Save model into torchscript by the end of training/testing.

on_phase_end(*args, **kwargs) None

Derived classes can set their hook functions to this.

This is useful if they want those hook functions to not do anything.

on_phase_start(*args, **kwargs) None

Derived classes can set their hook functions to this.

This is useful if they want those hook functions to not do anything.

on_start(task) None

Called at the start of training.

on_step(*args, **kwargs) None

Derived classes can set their hook functions to this.

This is useful if they want those hook functions to not do anything.

class classy_vision.hooks.VisdomHook(server: str, port: str, env: str = 'main', title_suffix: str = '')

Plots metrics on to Visdom.

Visdom is a flexible tool for creating, organizing, and sharing visualizations

of live, rich data. It supports Python.

__init__(server: str, port: str, env: str = 'main', title_suffix: str = '') None
Parameters
  • server – host name of the visdom server

  • port – port of visdom server, such as 8097

  • env – environment of visdom

  • title_suffix – suffix that will be appended to the title

on_end(*args, **kwargs) None

Derived classes can set their hook functions to this.

This is useful if they want those hook functions to not do anything.

on_phase_end(task) None

Plot the metrics on visdom.

on_phase_start(*args, **kwargs) None

Derived classes can set their hook functions to this.

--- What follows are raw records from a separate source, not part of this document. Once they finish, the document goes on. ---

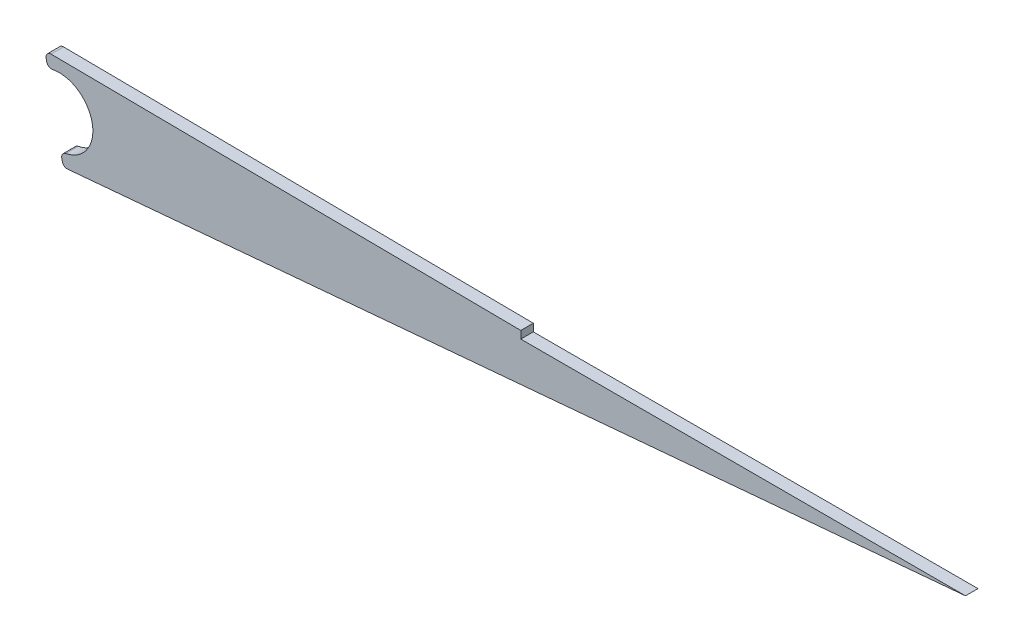
ISO-10303-21;
HEADER;
FILE_DESCRIPTION(('STEP AP214'),'2;1');
FILE_NAME('part.step','',(''),(''),'','','');
FILE_SCHEMA(('AUTOMOTIVE_DESIGN { 1 0 10303 214 1 1 1 1 }'));
ENDSEC;
DATA;
#1=APPLICATION_CONTEXT('core data for automotive mechanical design processes');
#2=APPLICATION_PROTOCOL_DEFINITION('international standard','automotive_design',2000,#1);
#3=PRODUCT_CONTEXT('',#1,'mechanical');
#4=PRODUCT('Part','Part','',(#3));
#5=PRODUCT_RELATED_PRODUCT_CATEGORY('part','',(#4));
#6=PRODUCT_DEFINITION_FORMATION('','',#4);
#7=PRODUCT_DEFINITION_CONTEXT('part definition',#1,'design');
#8=PRODUCT_DEFINITION('design','',#6,#7);
#9=PRODUCT_DEFINITION_SHAPE('','',#8);
#10=(LENGTH_UNIT() NAMED_UNIT(*) SI_UNIT(.MILLI.,.METRE.));
#11=(NAMED_UNIT(*) PLANE_ANGLE_UNIT() SI_UNIT($,.RADIAN.));
#12=(NAMED_UNIT(*) SI_UNIT($,.STERADIAN.) SOLID_ANGLE_UNIT());
#13=UNCERTAINTY_MEASURE_WITH_UNIT(LENGTH_MEASURE(1.E-05),#10,'distance_accuracy_value','');
#14=(GEOMETRIC_REPRESENTATION_CONTEXT(3) GLOBAL_UNCERTAINTY_ASSIGNED_CONTEXT((#13)) GLOBAL_UNIT_ASSIGNED_CONTEXT((#10,
#11,#12)) REPRESENTATION_CONTEXT('',''));
#15=CARTESIAN_POINT('',(0.,0.,0.));
#16=DIRECTION('',(0.,0.,1.));
#17=DIRECTION('',(1.,0.,0.));
#18=AXIS2_PLACEMENT_3D('',#15,#16,#17);
#19=CARTESIAN_POINT('',(-1.6306400674182E-13,-16.4999999999999,-5.));
#20=DIRECTION('',(0.,0.,1.));
#21=DIRECTION('',(1.,0.,0.));
#22=AXIS2_PLACEMENT_3D('',#19,#20,#21);
#23=CYLINDRICAL_SURFACE('',#22,13.5);
#24=CARTESIAN_POINT('',(-1.6306400674182E-13,-16.4999999999999,0.));
#25=DIRECTION('',(0.,0.,-1.));
#26=DIRECTION('',(1.,0.,0.));
#27=AXIS2_PLACEMENT_3D('',#24,#25,#26);
#28=CIRCLE('',#27,13.5);
#29=CARTESIAN_POINT('',(-2.64458290511463,-3.26156424429309,0.));
#30=VERTEX_POINT('',#29);
#31=CARTESIAN_POINT('',(2.63555033363898,-29.7402369479875,0.));
#32=VERTEX_POINT('',#31);
#33=EDGE_CURVE('E149',#30,#32,#28,.T.);
#34=ORIENTED_EDGE('',*,*,#33,.F.);
#35=DIRECTION('',(0.,0.,1.));
#36=VECTOR('',#35,1.);
#37=CARTESIAN_POINT('',(-2.64458290511463,-3.2615642442931,-5.));
#38=LINE('',#37,#36);
#39=CARTESIAN_POINT('',(-2.64458290511463,-3.2615642442931,-5.));
#40=VERTEX_POINT('',#39);
#41=EDGE_CURVE('E11',#40,#30,#38,.T.);
#42=ORIENTED_EDGE('',*,*,#41,.F.);
#43=CARTESIAN_POINT('',(-1.6306400674182E-13,-16.4999999999999,-5.));
#44=DIRECTION('',(0.,0.,-1.));
#45=DIRECTION('',(1.,0.,0.));
#46=AXIS2_PLACEMENT_3D('',#43,#44,#45);
#47=CIRCLE('',#46,13.5);
#48=CARTESIAN_POINT('',(2.63555033363898,-29.7402369479875,-5.));
#49=VERTEX_POINT('',#48);
#50=EDGE_CURVE('E178',#40,#49,#47,.T.);
#51=ORIENTED_EDGE('',*,*,#50,.T.);
#52=DIRECTION('',(0.,0.,1.));
#53=VECTOR('',#52,1.);
#54=CARTESIAN_POINT('',(2.63555033363898,-29.7402369479875,-5.));
#55=LINE('',#54,#53);
#56=EDGE_CURVE('E37',#49,#32,#55,.T.);
#57=ORIENTED_EDGE('',*,*,#56,.T.);
#58=EDGE_LOOP('',(#34,#42,#51,#57));
#59=FACE_BOUND('',#58,.T.);
#60=ADVANCED_FACE('F34',(#59),#23,.F.);
#61=CARTESIAN_POINT('',(-3.03637296513159,-1.3003145027069,-5.));
#62=DIRECTION('',(0.,0.,1.));
#63=DIRECTION('',(1.,0.,0.));
#64=AXIS2_PLACEMENT_3D('',#61,#62,#63);
#65=CYLINDRICAL_SURFACE('',#64,2.);
#66=CARTESIAN_POINT('',(-3.03637296513158,-1.30031450270689,0.));
#67=DIRECTION('',(0.,0.,1.));
#68=DIRECTION('',(1.,0.,0.));
#69=AXIS2_PLACEMENT_3D('',#66,#67,#68);
#70=CIRCLE('',#69,2.);
#71=CARTESIAN_POINT('',(-4.99775624248848,-1.69143550611213,0.));
#72=VERTEX_POINT('',#71);
#73=EDGE_CURVE('E176',#72,#30,#70,.T.);
#74=ORIENTED_EDGE('',*,*,#73,.F.);
#75=DIRECTION('',(0.,0.,1.));
#76=VECTOR('',#75,1.);
#77=CARTESIAN_POINT('',(-4.99775624248849,-1.69143550611213,-5.));
#78=LINE('',#77,#76);
#79=CARTESIAN_POINT('',(-4.99775624248849,-1.69143550611213,-5.));
#80=VERTEX_POINT('',#79);
#81=EDGE_CURVE('E43',#80,#72,#78,.T.);
#82=ORIENTED_EDGE('',*,*,#81,.F.);
#83=CARTESIAN_POINT('',(-3.03637296513159,-1.3003145027069,-5.));
#84=DIRECTION('',(0.,0.,1.));
#85=DIRECTION('',(1.,0.,0.));
#86=AXIS2_PLACEMENT_3D('',#83,#84,#85);
#87=CIRCLE('',#86,2.);
#88=EDGE_CURVE('E139',#80,#40,#87,.T.);
#89=ORIENTED_EDGE('',*,*,#88,.T.);
#90=ORIENTED_EDGE('',*,*,#41,.T.);
#91=EDGE_LOOP('',(#74,#82,#89,#90));
#92=FACE_BOUND('',#91,.T.);
#93=ADVANCED_FACE('F196',(#92),#65,.T.);
#94=CARTESIAN_POINT('',(-4.99775624248849,-1.69143550611213,-5.));
#95=DIRECTION('',(-0.98069163867845,-0.195560501702618,0.));
#96=DIRECTION('',(0.195560501702618,-0.98069163867845,0.));
#97=AXIS2_PLACEMENT_3D('',#94,#95,#96);
#98=PLANE('',#97);
#99=DIRECTION('',(0.195560501702618,-0.98069163867845,0.));
#100=VECTOR('',#99,1.);
#101=CARTESIAN_POINT('',(-4.99775624248848,-1.69143550611213,0.));
#102=LINE('',#101,#100);
#103=CARTESIAN_POINT('',(-5.21232878760464,-0.615402774280877,0.));
#104=VERTEX_POINT('',#103);
#105=EDGE_CURVE('E126',#104,#72,#102,.T.);
#106=ORIENTED_EDGE('',*,*,#105,.F.);
#107=DIRECTION('',(0.,0.,1.));
#108=VECTOR('',#107,1.);
#109=CARTESIAN_POINT('',(-5.21232878760464,-0.61540277428088,-5.));
#110=LINE('',#109,#108);
#111=CARTESIAN_POINT('',(-5.21232878760464,-0.61540277428088,-5.));
#112=VERTEX_POINT('',#111);
#113=EDGE_CURVE('E121',#112,#104,#110,.T.);
#114=ORIENTED_EDGE('',*,*,#113,.F.);
#115=DIRECTION('',(0.195560501702618,-0.98069163867845,0.));
#116=VECTOR('',#115,1.);
#117=CARTESIAN_POINT('',(-4.99775624248849,-1.69143550611213,-5.));
#118=LINE('',#117,#116);
#119=EDGE_CURVE('E124',#112,#80,#118,.T.);
#120=ORIENTED_EDGE('',*,*,#119,.T.);
#121=ORIENTED_EDGE('',*,*,#81,.T.);
#122=EDGE_LOOP('',(#106,#114,#120,#121));
#123=FACE_BOUND('',#122,.T.);
#124=ADVANCED_FACE('F123',(#123),#98,.T.);
#125=CARTESIAN_POINT('',(-3.25094551024773,-0.224281770875658,-5.));
#126=DIRECTION('',(0.,0.,1.));
#127=DIRECTION('',(1.,0.,0.));
#128=AXIS2_PLACEMENT_3D('',#125,#126,#127);
#129=CYLINDRICAL_SURFACE('',#128,2.);
#130=CARTESIAN_POINT('',(-3.25094551024773,-0.224281770875648,0.));
#131=DIRECTION('',(0.,0.,1.));
#132=DIRECTION('',(1.,0.,0.));
#133=AXIS2_PLACEMENT_3D('',#130,#131,#132);
#134=CIRCLE('',#133,2.);
#135=CARTESIAN_POINT('',(-3.23204844817642,1.77562895239304,0.));
#136=VERTEX_POINT('',#135);
#137=EDGE_CURVE('E173',#136,#104,#134,.T.);
#138=ORIENTED_EDGE('',*,*,#137,.F.);
#139=DIRECTION('',(0.,0.,1.));
#140=VECTOR('',#139,1.);
#141=CARTESIAN_POINT('',(-3.23204844817642,1.77562895239304,-5.));
#142=LINE('',#141,#140);
#143=CARTESIAN_POINT('',(-3.23204844817642,1.77562895239304,-5.));
#144=VERTEX_POINT('',#143);
#145=EDGE_CURVE('E131',#144,#136,#142,.T.);
#146=ORIENTED_EDGE('',*,*,#145,.F.);
#147=CARTESIAN_POINT('',(-3.25094551024773,-0.224281770875658,-5.));
#148=DIRECTION('',(0.,0.,1.));
#149=DIRECTION('',(1.,0.,0.));
#150=AXIS2_PLACEMENT_3D('',#147,#148,#149);
#151=CIRCLE('',#150,2.);
#152=EDGE_CURVE('E137',#144,#112,#151,.T.);
#153=ORIENTED_EDGE('',*,*,#152,.T.);
#154=ORIENTED_EDGE('',*,*,#113,.T.);
#155=EDGE_LOOP('',(#138,#146,#153,#154));
#156=FACE_BOUND('',#155,.T.);
#157=ADVANCED_FACE('F141',(#156),#129,.T.);
#158=CARTESIAN_POINT('',(184.686018870296,0.,-5.));
#159=DIRECTION('',(0.00944853103565357,0.999955361634344,0.));
#160=DIRECTION('',(-0.999955361634344,0.00944853103565357,0.));
#161=AXIS2_PLACEMENT_3D('',#158,#159,#160);
#162=PLANE('',#161);
#163=DIRECTION('',(-0.999955361634344,0.00944853103565357,0.));
#164=VECTOR('',#163,1.);
#165=CARTESIAN_POINT('',(184.686018870296,0.,0.));
#166=LINE('',#165,#164);
#167=CARTESIAN_POINT('',(184.686018870296,0.,0.));
#168=VERTEX_POINT('',#167);
#169=EDGE_CURVE('E170',#168,#136,#166,.T.);
#170=ORIENTED_EDGE('',*,*,#169,.F.);
#171=DIRECTION('',(0.,0.,1.));
#172=VECTOR('',#171,1.);
#173=CARTESIAN_POINT('',(184.686018870296,0.,-5.));
#174=LINE('',#173,#172);
#175=CARTESIAN_POINT('',(184.686018870296,0.,-5.));
#176=VERTEX_POINT('',#175);
#177=EDGE_CURVE('E182',#176,#168,#174,.T.);
#178=ORIENTED_EDGE('',*,*,#177,.F.);
#179=DIRECTION('',(-0.999955361634344,0.00944853103565357,0.));
#180=VECTOR('',#179,1.);
#181=CARTESIAN_POINT('',(184.686018870296,0.,-5.));
#182=LINE('',#181,#180);
#183=EDGE_CURVE('E142',#176,#144,#182,.T.);
#184=ORIENTED_EDGE('',*,*,#183,.T.);
#185=ORIENTED_EDGE('',*,*,#145,.T.);
#186=EDGE_LOOP('',(#170,#178,#184,#185));
#187=FACE_BOUND('',#186,.T.);
#188=ADVANCED_FACE('F209',(#187),#162,.T.);
#189=CARTESIAN_POINT('',(184.686018870296,0.,-5.));
#190=DIRECTION('',(1.,0.,0.));
#191=DIRECTION('',(0.,0.,-1.));
#192=AXIS2_PLACEMENT_3D('',#189,#190,#191);
#193=PLANE('',#192);
#194=DIRECTION('',(0.,1.,0.));
#195=VECTOR('',#194,1.);
#196=CARTESIAN_POINT('',(184.686018870296,0.,0.));
#197=LINE('',#196,#195);
#198=CARTESIAN_POINT('',(184.686018870296,-2.99999999999998,0.));
#199=VERTEX_POINT('',#198);
#200=EDGE_CURVE('E167',#199,#168,#197,.T.);
#201=ORIENTED_EDGE('',*,*,#200,.F.);
#202=DIRECTION('',(0.,0.,1.));
#203=VECTOR('',#202,1.);
#204=CARTESIAN_POINT('',(184.686018870296,-3.00000000000001,-4.99999999999998));
#205=LINE('',#204,#203);
#206=CARTESIAN_POINT('',(184.686018870296,-3.00000000000001,-4.99999999999998));
#207=VERTEX_POINT('',#206);
#208=EDGE_CURVE('E184',#207,#199,#205,.T.);
#209=ORIENTED_EDGE('',*,*,#208,.F.);
#210=DIRECTION('',(0.,1.,0.));
#211=VECTOR('',#210,1.);
#212=CARTESIAN_POINT('',(184.686018870296,0.,-5.));
#213=LINE('',#212,#211);
#214=EDGE_CURVE('E144',#207,#176,#213,.T.);
#215=ORIENTED_EDGE('',*,*,#214,.T.);
#216=ORIENTED_EDGE('',*,*,#177,.T.);
#217=EDGE_LOOP('',(#201,#209,#215,#216));
#218=FACE_BOUND('',#217,.T.);
#219=ADVANCED_FACE('F212',(#218),#193,.T.);
#220=CARTESIAN_POINT('',(362.597814819386,-3.00000000000003,-5.));
#221=DIRECTION('',(0.,1.,0.));
#222=DIRECTION('',(-1.,0.,0.));
#223=AXIS2_PLACEMENT_3D('',#220,#221,#222);
#224=PLANE('',#223);
#225=DIRECTION('',(-1.,0.,0.));
#226=VECTOR('',#225,1.);
#227=CARTESIAN_POINT('',(362.597814819386,-3.00000000000003,0.));
#228=LINE('',#227,#226);
#229=CARTESIAN_POINT('',(362.597814819386,-3.00000000000003,0.));
#230=VERTEX_POINT('',#229);
#231=EDGE_CURVE('E164',#230,#199,#228,.T.);
#232=ORIENTED_EDGE('',*,*,#231,.F.);
#233=DIRECTION('',(0.,0.,1.));
#234=VECTOR('',#233,1.);
#235=CARTESIAN_POINT('',(362.597814819386,-3.00000000000003,-5.));
#236=LINE('',#235,#234);
#237=CARTESIAN_POINT('',(362.597814819386,-3.00000000000003,-5.));
#238=VERTEX_POINT('',#237);
#239=EDGE_CURVE('E186',#238,#230,#236,.T.);
#240=ORIENTED_EDGE('',*,*,#239,.F.);
#241=DIRECTION('',(-1.,0.,0.));
#242=VECTOR('',#241,1.);
#243=CARTESIAN_POINT('',(362.597814819386,-3.00000000000003,-5.));
#244=LINE('',#243,#242);
#245=EDGE_CURVE('E328',#238,#207,#244,.T.);
#246=ORIENTED_EDGE('',*,*,#245,.T.);
#247=ORIENTED_EDGE('',*,*,#208,.T.);
#248=EDGE_LOOP('',(#232,#240,#246,#247));
#249=FACE_BOUND('',#248,.T.);
#250=ADVANCED_FACE('F216',(#249),#224,.T.);
#251=CARTESIAN_POINT('',(362.597814819386,-3.00000000000003,-5.));
#252=DIRECTION('',(0.0881072557728994,-0.996110993554519,0.));
#253=DIRECTION('',(0.99611099355452,0.0881072557728994,0.));
#254=AXIS2_PLACEMENT_3D('',#251,#252,#253);
#255=PLANE('',#254);
#256=DIRECTION('',(0.996110993554519,0.0881072557728994,0.));
#257=VECTOR('',#256,1.);
#258=CARTESIAN_POINT('',(362.597814819386,-3.00000000000003,0.));
#259=LINE('',#258,#257);
#260=CARTESIAN_POINT('',(3.41678929158082,-34.7700082518149,0.));
#261=VERTEX_POINT('',#260);
#262=EDGE_CURVE('E161',#261,#230,#259,.T.);
#263=ORIENTED_EDGE('',*,*,#262,.F.);
#264=DIRECTION('',(0.,0.,1.));
#265=VECTOR('',#264,1.);
#266=CARTESIAN_POINT('',(3.41678929158082,-34.7700082518149,-5.));
#267=LINE('',#266,#265);
#268=CARTESIAN_POINT('',(3.41678929158082,-34.7700082518149,-5.));
#269=VERTEX_POINT('',#268);
#270=EDGE_CURVE('E188',#269,#261,#267,.T.);
#271=ORIENTED_EDGE('',*,*,#270,.F.);
#272=DIRECTION('',(0.996110993554519,0.0881072557728994,0.));
#273=VECTOR('',#272,1.);
#274=CARTESIAN_POINT('',(362.597814819386,-3.00000000000003,-5.));
#275=LINE('',#274,#273);
#276=EDGE_CURVE('E321',#269,#238,#275,.T.);
#277=ORIENTED_EDGE('',*,*,#276,.T.);
#278=ORIENTED_EDGE('',*,*,#239,.T.);
#279=EDGE_LOOP('',(#263,#271,#277,#278));
#280=FACE_BOUND('',#279,.T.);
#281=ADVANCED_FACE('F220',(#280),#255,.T.);
#282=CARTESIAN_POINT('',(3.24057478003501,-32.7777862647059,-5.));
#283=DIRECTION('',(0.,0.,1.));
#284=DIRECTION('',(1.,0.,0.));
#285=AXIS2_PLACEMENT_3D('',#282,#283,#284);
#286=CYLINDRICAL_SURFACE('',#285,2.);
#287=CARTESIAN_POINT('',(3.24057478003501,-32.7777862647059,0.));
#288=DIRECTION('',(0.,0.,1.));
#289=DIRECTION('',(1.,0.,0.));
#290=AXIS2_PLACEMENT_3D('',#287,#288,#289);
#291=CIRCLE('',#290,2.);
#292=CARTESIAN_POINT('',(1.27919150267811,-33.1689072681111,0.));
#293=VERTEX_POINT('',#292);
#294=EDGE_CURVE('E158',#293,#261,#291,.T.);
#295=ORIENTED_EDGE('',*,*,#294,.F.);
#296=DIRECTION('',(0.,0.,1.));
#297=VECTOR('',#296,1.);
#298=CARTESIAN_POINT('',(1.27919150267811,-33.1689072681111,-5.));
#299=LINE('',#298,#297);
#300=CARTESIAN_POINT('',(1.27919150267811,-33.1689072681111,-5.));
#301=VERTEX_POINT('',#300);
#302=EDGE_CURVE('E190',#301,#293,#299,.T.);
#303=ORIENTED_EDGE('',*,*,#302,.F.);
#304=CARTESIAN_POINT('',(3.24057478003501,-32.7777862647059,-5.));
#305=DIRECTION('',(0.,0.,1.));
#306=DIRECTION('',(1.,0.,0.));
#307=AXIS2_PLACEMENT_3D('',#304,#305,#306);
#308=CIRCLE('',#307,2.);
#309=EDGE_CURVE('E317',#301,#269,#308,.T.);
#310=ORIENTED_EDGE('',*,*,#309,.T.);
#311=ORIENTED_EDGE('',*,*,#270,.T.);
#312=EDGE_LOOP('',(#295,#303,#310,#311));
#313=FACE_BOUND('',#312,.T.);
#314=ADVANCED_FACE('F224',(#313),#286,.T.);
#315=CARTESIAN_POINT('',(1.27919150267811,-33.1689072681111,-5.));
#316=DIRECTION('',(-0.98069163867845,-0.195560501702618,0.));
#317=DIRECTION('',(0.195560501702618,-0.98069163867845,0.));
#318=AXIS2_PLACEMENT_3D('',#315,#316,#317);
#319=PLANE('',#318);
#320=DIRECTION('',(0.195560501702618,-0.98069163867845,0.));
#321=VECTOR('',#320,1.);
#322=CARTESIAN_POINT('',(1.27919150267811,-33.1689072681111,0.));
#323=LINE('',#322,#321);
#324=CARTESIAN_POINT('',(1.06461895756194,-32.0928745362798,0.));
#325=VERTEX_POINT('',#324);
#326=EDGE_CURVE('E155',#325,#293,#323,.T.);
#327=ORIENTED_EDGE('',*,*,#326,.F.);
#328=DIRECTION('',(0.,0.,1.));
#329=VECTOR('',#328,1.);
#330=CARTESIAN_POINT('',(1.06461895756194,-32.0928745362798,-5.));
#331=LINE('',#330,#329);
#332=CARTESIAN_POINT('',(1.06461895756194,-32.0928745362798,-5.));
#333=VERTEX_POINT('',#332);
#334=EDGE_CURVE('E191',#333,#325,#331,.T.);
#335=ORIENTED_EDGE('',*,*,#334,.F.);
#336=DIRECTION('',(0.195560501702618,-0.98069163867845,0.));
#337=VECTOR('',#336,1.);
#338=CARTESIAN_POINT('',(1.27919150267811,-33.1689072681111,-5.));
#339=LINE('',#338,#337);
#340=EDGE_CURVE('E333',#333,#301,#339,.T.);
#341=ORIENTED_EDGE('',*,*,#340,.T.);
#342=ORIENTED_EDGE('',*,*,#302,.T.);
#343=EDGE_LOOP('',(#327,#335,#341,#342));
#344=FACE_BOUND('',#343,.T.);
#345=ADVANCED_FACE('F228',(#344),#319,.T.);
#346=CARTESIAN_POINT('',(3.02600223491886,-31.7017535328746,-5.));
#347=DIRECTION('',(0.,0.,1.));
#348=DIRECTION('',(1.,0.,0.));
#349=AXIS2_PLACEMENT_3D('',#346,#347,#348);
#350=CYLINDRICAL_SURFACE('',#349,2.);
#351=CARTESIAN_POINT('',(3.02600223491886,-31.7017535328745,0.));
#352=DIRECTION('',(0.,0.,1.));
#353=DIRECTION('',(1.,0.,0.));
#354=AXIS2_PLACEMENT_3D('',#351,#352,#353);
#355=CIRCLE('',#354,2.);
#356=EDGE_CURVE('E152',#32,#325,#355,.T.);
#357=ORIENTED_EDGE('',*,*,#356,.F.);
#358=ORIENTED_EDGE('',*,*,#56,.F.);
#359=CARTESIAN_POINT('',(3.02600223491886,-31.7017535328746,-5.));
#360=DIRECTION('',(0.,0.,1.));
#361=DIRECTION('',(1.,0.,0.));
#362=AXIS2_PLACEMENT_3D('',#359,#360,#361);
#363=CIRCLE('',#362,2.);
#364=EDGE_CURVE('E335',#49,#333,#363,.T.);
#365=ORIENTED_EDGE('',*,*,#364,.T.);
#366=ORIENTED_EDGE('',*,*,#334,.T.);
#367=EDGE_LOOP('',(#357,#358,#365,#366));
#368=FACE_BOUND('',#367,.T.);
#369=ADVANCED_FACE('F193',(#368),#350,.T.);
#370=CARTESIAN_POINT('',(-1.6306400674182E-13,-16.4999999999999,-5.));
#371=DIRECTION('',(0.,0.,1.));
#372=DIRECTION('',(1.,0.,0.));
#373=AXIS2_PLACEMENT_3D('',#370,#371,#372);
#374=PLANE('',#373);
#375=ORIENTED_EDGE('',*,*,#50,.F.);
#376=ORIENTED_EDGE('',*,*,#88,.F.);
#377=ORIENTED_EDGE('',*,*,#119,.F.);
#378=ORIENTED_EDGE('',*,*,#152,.F.);
#379=ORIENTED_EDGE('',*,*,#183,.F.);
#380=ORIENTED_EDGE('',*,*,#214,.F.);
#381=ORIENTED_EDGE('',*,*,#245,.F.);
#382=ORIENTED_EDGE('',*,*,#276,.F.);
#383=ORIENTED_EDGE('',*,*,#309,.F.);
#384=ORIENTED_EDGE('',*,*,#340,.F.);
#385=ORIENTED_EDGE('',*,*,#364,.F.);
#386=EDGE_LOOP('',(#375,#376,#377,#378,#379,#380,#381,#382,#383,#384,#385));
#387=FACE_BOUND('',#386,.T.);
#388=ADVANCED_FACE('F135',(#387),#374,.F.);
#389=CARTESIAN_POINT('',(-1.6306400674182E-13,-16.4999999999999,0.));
#390=DIRECTION('',(0.,0.,1.));
#391=DIRECTION('',(1.,0.,0.));
#392=AXIS2_PLACEMENT_3D('',#389,#390,#391);
#393=PLANE('',#392);
#394=ORIENTED_EDGE('',*,*,#33,.T.);
#395=ORIENTED_EDGE('',*,*,#356,.T.);
#396=ORIENTED_EDGE('',*,*,#326,.T.);
#397=ORIENTED_EDGE('',*,*,#294,.T.);
#398=ORIENTED_EDGE('',*,*,#262,.T.);
#399=ORIENTED_EDGE('',*,*,#231,.T.);
#400=ORIENTED_EDGE('',*,*,#200,.T.);
#401=ORIENTED_EDGE('',*,*,#169,.T.);
#402=ORIENTED_EDGE('',*,*,#137,.T.);
#403=ORIENTED_EDGE('',*,*,#105,.T.);
#404=ORIENTED_EDGE('',*,*,#73,.T.);
#405=EDGE_LOOP('',(#394,#395,#396,#397,#398,#399,#400,#401,#402,#403,#404));
#406=FACE_BOUND('',#405,.T.);
#407=ADVANCED_FACE('F195',(#406),#393,.T.);
#408=CLOSED_SHELL('',(#60,#93,#124,#157,#188,#219,#250,#281,#314,#345,#369,#388,#407));
#409=MANIFOLD_SOLID_BREP('B2',#408);
#410=ADVANCED_BREP_SHAPE_REPRESENTATION('',(#18,#409),#14);
#411=SHAPE_DEFINITION_REPRESENTATION(#9,#410);
ENDSEC;
END-ISO-10303-21;

This is useful if they want those hook functions to not do anything.

on_start(*args, **kwargs) None

Derived classes can set their hook functions to this.

This is useful if they want those hook functions to not do anything.

on_step(*args, **kwargs) None

Derived classes can set their hook functions to this.

This is useful if they want those hook functions to not do anything.

classy_vision.hooks.build_hook(hook_config: Dict[str, Any])

Builds a ClassyHook from a config.

This assumes a ‘name’ key in the config which is used to determine what hook class to instantiate. For instance, a config {“name”: “my_hook”, “foo”: “bar”} will find a class that was registered as “my_hook” (see register_hook()) and call .from_config on it.

classy_vision.hooks.register_hook(name, bypass_checks=False)

Registers a ClassyHook subclass.

This decorator allows Classy Vision to instantiate a subclass of ClassyHook from a configuration file, even if the class itself is not part of the base Classy Vision framework. To use it, apply this decorator to a ClassyHook subclass, like this:

@register_hook('custom_hook')
class CustomHook(ClassyHook):
   ...

To instantiate a hook from a configuration file, see build_hook().